Sujet : Re: Python (was Re: I did not inhale)
De : ldo (at) *nospam* nz.invalid (Lawrence D'Oliveiro)
Groupes : comp.unix.programmer comp.lang.misc comp.editorsDate : 29. Aug 2024, 02:22:18
Autres entêtes
Organisation : A noiseless patient Spider
Message-ID : <vaoig9$3m9tm$3@dont-email.me>
References : 1 2 3 4 5 6 7 8 9 10 11 12 13 14 15 16 17 18 19 20 21 22 23 24 25 26 27
User-Agent : Pan/0.160 (Toresk; )
On Thu, 29 Aug 2024 02:29:55 +0200, Janis Papanagnou wrote:
If there's only
primitive editing commands available (i.e. selection by mouse, or long
clumsy keyboard sequences) it may be irrelevant whether you indent code
in a Python or in a "C" program. If you're using editors like Vi that
block selection can be done with '%' and the indent with '>%' and the
reverse indent with '<%' (without the quotes); but that works only if
you have the syntactical elements (the braces, parenthesis, brackets) as
definition of the program block.

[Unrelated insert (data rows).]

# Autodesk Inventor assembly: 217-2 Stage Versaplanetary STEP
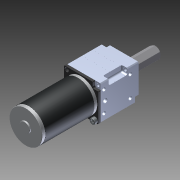
[picture p0: Inventor's stored thumbnail of the model, 180x180]
Saved by Autodesk Inventor 2014 SP1 (Build 180222100, 222)
## iProperties
Created: 2014-01-06
Part Number: 217-2 Stage Versaplanetary STEP
Document SubType Name: Assembly
Designer: Arpan
Mass: 257.085 g
Surface Area: 545.557 cm^2
Volume: 154.963 cm^3
Density: 1.65901 g/cm^3
Title: 217-2 Stage Versaplanetary STEP.STEP
Description: STEP AP214
Creation Date: 2013-12-10
Sending System: SolidWorks 2013
Preprocessor: SwSTEP 2.0
Author: Arpan
## Documents named in this file (14)
- C:\Users\Arpan\Documents\GitHub\2014buildCAD\Shooter\Shooter v1 (Defunct)\217-2 Stage Versaplanetary STEP.iam
- C:\Users\Arpan\Documents\GitHub\2014buildCAD\Imported Components\217-2 Stage Versaplanetary STEP\217-2625-001 Rev1.ipt
- C:\Users\Arpan\Documents\GitHub\2014buildCAD\Imported Components\217-2 Stage Versaplanetary STEP\217-2625-002 Rev1.ipt
- C:\Users\Arpan\Documents\GitHub\2014buildCAD\Imported Components\217-2 Stage Versaplanetary STEP\217-2625-009 Rev1.ipt
- C:\Users\Arpan\Documents\GitHub\2014buildCAD\Imported Components\217-2 Stage Versaplanetary STEP\217-2816-001 Rev1.ipt
- C:\Users\Arpan\Documents\GitHub\2014buildCAD\Imported Components\217-2 Stage Versaplanetary STEP\217-2625-007 Rev1_Sun_Driver01.ipt
- C:\Users\Arpan\Documents\GitHub\2014buildCAD\Imported Components\217-2 Stage Versaplanetary STEP\217-2625-100.iam
- C:\Users\Arpan\Documents\GitHub\2014buildCAD\Imported Components\217-2 Stage Versaplanetary STEP\217-2822-003 Rev4.ipt
- C:\Users\Arpan\Documents\GitHub\2014buildCAD\Imported Components\217-2 Stage Versaplanetary STEP\217-2625-011 Rev1.ipt
- C:\Users\Arpan\Documents\GitHub\2014buildCAD\Imported Components\217-2 Stage Versaplanetary STEP\SSA_SSA0832-0500ZC.ipt
- C:\Users\Arpan\Documents\GitHub\2014buildCAD\Imported Components\217-2 Stage Versaplanetary STEP\217-2742.ipt
- C:\Users\Arpan\Documents\GitHub\2014buildCAD\Imported Components\217-2 Stage Versaplanetary STEP\PINL-M020-006-S.ipt
- C:\Users\Arpan\Documents\GitHub\2014buildCAD\Imported Components\217-2 Stage Versaplanetary STEP\217-3351.ipt
- C:\Users\Arpan\Documents\GitHub\2014buildCAD\Shooter\Shooter v1 (Defunct)\Vex Pro 0.500 Hex VersaPlanetary Output.ipt
## Components (14 placed, 14 different names)
1. 217-2625-001 Rev1_1
2. 217-2625-009 Rev1_4
3. 217-2816-001 Rev1_5 — Mate:1, Flush:1, Flush:2
4. 217-2625-007 Rev1_Sun_Driver01_6
5. 217-2625-100_7 [sub-assembly]
6. 217-2822-003 Rev4_8
7. 217-2625-011 Rev1_9
8. SSA_SSA0832-0500ZC_10
9. PINL-M020-006-S_17
10. PINL-M020-006-S_18
11. 217-3351_19
12. 217-2742_12 — Insert:1, Insert:2
13. 217-2625-002 Rev1_2 — Mate:1, Flush:1, Flush:2, Insert:1
14. Vex Pro 0.500 Hex VersaPlanetary Output:1 — Insert:2
## Relationships (5: Flush 2, Insert 2, Mate 1)
- Mate:1: 217-2816-001 Rev1_5 ↔ 217-2625-002 Rev1_2
- Flush:1: 217-2816-001 Rev1_5 ↔ 217-2625-002 Rev1_2
- Flush:2: 217-2816-001 Rev1_5 ↔ 217-2625-002 Rev1_2
- Insert:1: 217-2742_12 ↔ 217-2625-002 Rev1_2
- Insert:2: 217-2742_12 ↔ Vex Pro 0.500 Hex VersaPlanetary Output:1

That won't work for a block in a
language like Python where blocks are defined by layout (by the grade of
indentation); then you'd have to resort to the primitive editors'
selection features, mouse/menus or more laborious keyboard commands.
I have Emacs commands defined to jump quickly between lines with matching
indentation. That lets me easily select entire statement blocks in Python.